When cesarean delivery rates are higher than expected, the WHO Robson Classification Implementation Manual recommends focusing efforts on rate reduction among nulliparous women with singleton, cephalic, term pregnancies (Robson group 1). Women in this group in fact represented about one fourth of all cesarean deliveries in our study, a rate much higher than the Robson achievable rate (< 10%) recommended by the WHO. Furthermore, cesarean delivery rates were higher than Robson guideline levels for multiparous women without a previous uterine scar, with a single cephalic pregnancy, ≥ 37 weeks gestation in spontaneous labor (Robson group 3) and multiparous women with ≥ 1 previous uterine scar, with a single cephalic pregnancy, ≥ 37 weeks gestation (Robson group 5), and women in these groups collectively accounted for 46% of all cesarean deliveries. Elevated cesarean delivery rate among multiparous women with uterine scars (Robson group 5) may reflect that VBAC has not been widely adopted in country. This may be explained by findings from a previous study in Thailand detailing findings from the country’s first institution-based VBAC program which reflected both an old belief “once a section always a section" [30] and the convenience and economic advantages of obstetricians [31]. In addition to support for VBAC with focus on high success rate and medical and economic advantages (e.g., lower hospital cost, shorter hospital stay, and reduced maternal and fetal morbidity and mortality), careful counseling of the patients, assessment of likelihood for successful VBAC delivery, and availability of appropriate facilities and staffing are needed for women considering this option for delivery [32, 33].

In this prospective cohort study of pregnant women, the detailed data collection from both participants' report and chart abstraction provided the opportunity to examine potential risk factors for cesarean delivery including maternal and fetal characteristics and obstetrical events that are not captured as part of the Robson Classification. The Robson Classification does not distinguish other potential obstetric indications for cesarean delivery, including delivery for maternal wellbeing (e.g., uncontrolled chronic hypertension or preeclampsia with severe features), obstetric indications (e.g., placental abruption, placenta previa), or fetal indications (e.g., fetal distress). Findings from this analysis suggest that such factors may influence obstetrical decision-making about mode of delivery in Thailand.

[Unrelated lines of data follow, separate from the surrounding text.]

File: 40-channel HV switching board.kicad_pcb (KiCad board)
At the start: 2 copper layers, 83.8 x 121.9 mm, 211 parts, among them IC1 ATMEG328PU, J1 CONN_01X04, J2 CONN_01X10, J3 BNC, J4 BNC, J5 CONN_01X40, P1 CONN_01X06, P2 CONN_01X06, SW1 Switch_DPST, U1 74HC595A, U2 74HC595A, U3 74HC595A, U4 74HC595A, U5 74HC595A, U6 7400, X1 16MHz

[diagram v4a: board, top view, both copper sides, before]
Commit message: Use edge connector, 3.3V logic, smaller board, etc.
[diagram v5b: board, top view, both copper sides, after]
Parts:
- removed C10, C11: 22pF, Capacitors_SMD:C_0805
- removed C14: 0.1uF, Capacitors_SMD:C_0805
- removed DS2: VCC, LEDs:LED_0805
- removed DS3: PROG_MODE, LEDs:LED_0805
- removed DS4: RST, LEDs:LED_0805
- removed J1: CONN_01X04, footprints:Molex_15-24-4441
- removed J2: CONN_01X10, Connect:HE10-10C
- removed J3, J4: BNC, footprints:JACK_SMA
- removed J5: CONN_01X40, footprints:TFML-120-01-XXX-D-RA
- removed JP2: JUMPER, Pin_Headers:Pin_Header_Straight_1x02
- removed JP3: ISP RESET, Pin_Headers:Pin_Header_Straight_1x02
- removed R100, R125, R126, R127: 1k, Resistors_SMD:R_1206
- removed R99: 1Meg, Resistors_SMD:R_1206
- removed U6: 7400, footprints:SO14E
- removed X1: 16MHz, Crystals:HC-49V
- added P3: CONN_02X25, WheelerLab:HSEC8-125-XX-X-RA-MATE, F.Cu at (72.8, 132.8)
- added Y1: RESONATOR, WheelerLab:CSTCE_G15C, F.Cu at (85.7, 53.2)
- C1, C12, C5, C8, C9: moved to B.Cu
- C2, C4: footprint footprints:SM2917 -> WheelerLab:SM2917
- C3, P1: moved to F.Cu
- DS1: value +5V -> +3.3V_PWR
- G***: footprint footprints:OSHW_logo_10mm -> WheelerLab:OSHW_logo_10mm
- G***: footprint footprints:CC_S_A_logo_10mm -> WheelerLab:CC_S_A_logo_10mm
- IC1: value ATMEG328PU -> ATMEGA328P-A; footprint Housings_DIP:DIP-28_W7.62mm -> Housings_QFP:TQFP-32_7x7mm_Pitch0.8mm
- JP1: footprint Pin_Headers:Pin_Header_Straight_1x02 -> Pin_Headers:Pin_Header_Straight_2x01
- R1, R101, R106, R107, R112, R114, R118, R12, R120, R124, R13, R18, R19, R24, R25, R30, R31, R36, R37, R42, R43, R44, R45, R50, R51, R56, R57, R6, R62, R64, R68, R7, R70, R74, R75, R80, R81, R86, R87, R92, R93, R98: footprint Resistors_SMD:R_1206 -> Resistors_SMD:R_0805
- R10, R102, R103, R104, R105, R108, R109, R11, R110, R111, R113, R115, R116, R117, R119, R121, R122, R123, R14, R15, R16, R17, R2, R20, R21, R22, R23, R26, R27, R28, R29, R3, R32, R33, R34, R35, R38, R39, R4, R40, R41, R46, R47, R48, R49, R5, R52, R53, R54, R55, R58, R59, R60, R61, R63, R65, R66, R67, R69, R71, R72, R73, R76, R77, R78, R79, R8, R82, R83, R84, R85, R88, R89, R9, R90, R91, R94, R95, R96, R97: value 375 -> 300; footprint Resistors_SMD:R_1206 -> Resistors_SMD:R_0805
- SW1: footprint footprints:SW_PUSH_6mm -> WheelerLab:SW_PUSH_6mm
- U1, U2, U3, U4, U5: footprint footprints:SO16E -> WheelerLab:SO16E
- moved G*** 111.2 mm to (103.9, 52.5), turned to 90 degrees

This study included a large sample of deliveries at two large tertiary level facilities that have some of the highest obstetric delivery rates in Thailand. A strength of this study was collection of data through both maternal report and from detailed review of medical records for prenatal and delivery information. However, limitations must be considered when interpreting study findings. First, this study was conducted during 2017 and 2018 precluding long-term assessment of changes in cesarean delivery rates and indications over time. Second, the study was conducted in tertiary level hospitals where rates of cesarean delivery may be higher than at other hospitals in Thailand because of the referral of complicated cases. Lastly, participants without gestational weeks at delivery and modes of delivery information differed from those with delivery mode confirmation with respect to selected baseline and pregnancy characteristics that may be associated with risk of cesarean delivery.

Conclusions

At two high-volume tertiary obstetric hospitals in Bangkok, Thailand, cesarean delivery rate substantially exceeded the WHO-recommended target rate of 10–15%. Deliveries among three groups of women (nulliparous women with term, singleton cephalic pregnancies; multiparous women without uterine scars in spontaneous labor; and multiparous women with uterine scars) accounted for almost half of all cesarean deliveries. Our findings suggest that efforts to reduce non-clinically indicated cesarean delivery rates in Thailand might need to focus on reducing rates among multiparous women, in addition to nulliparous women with term, singleton cephalic pregnancies as generally recommended by the WHO Robson Classification Implementation Manual [34].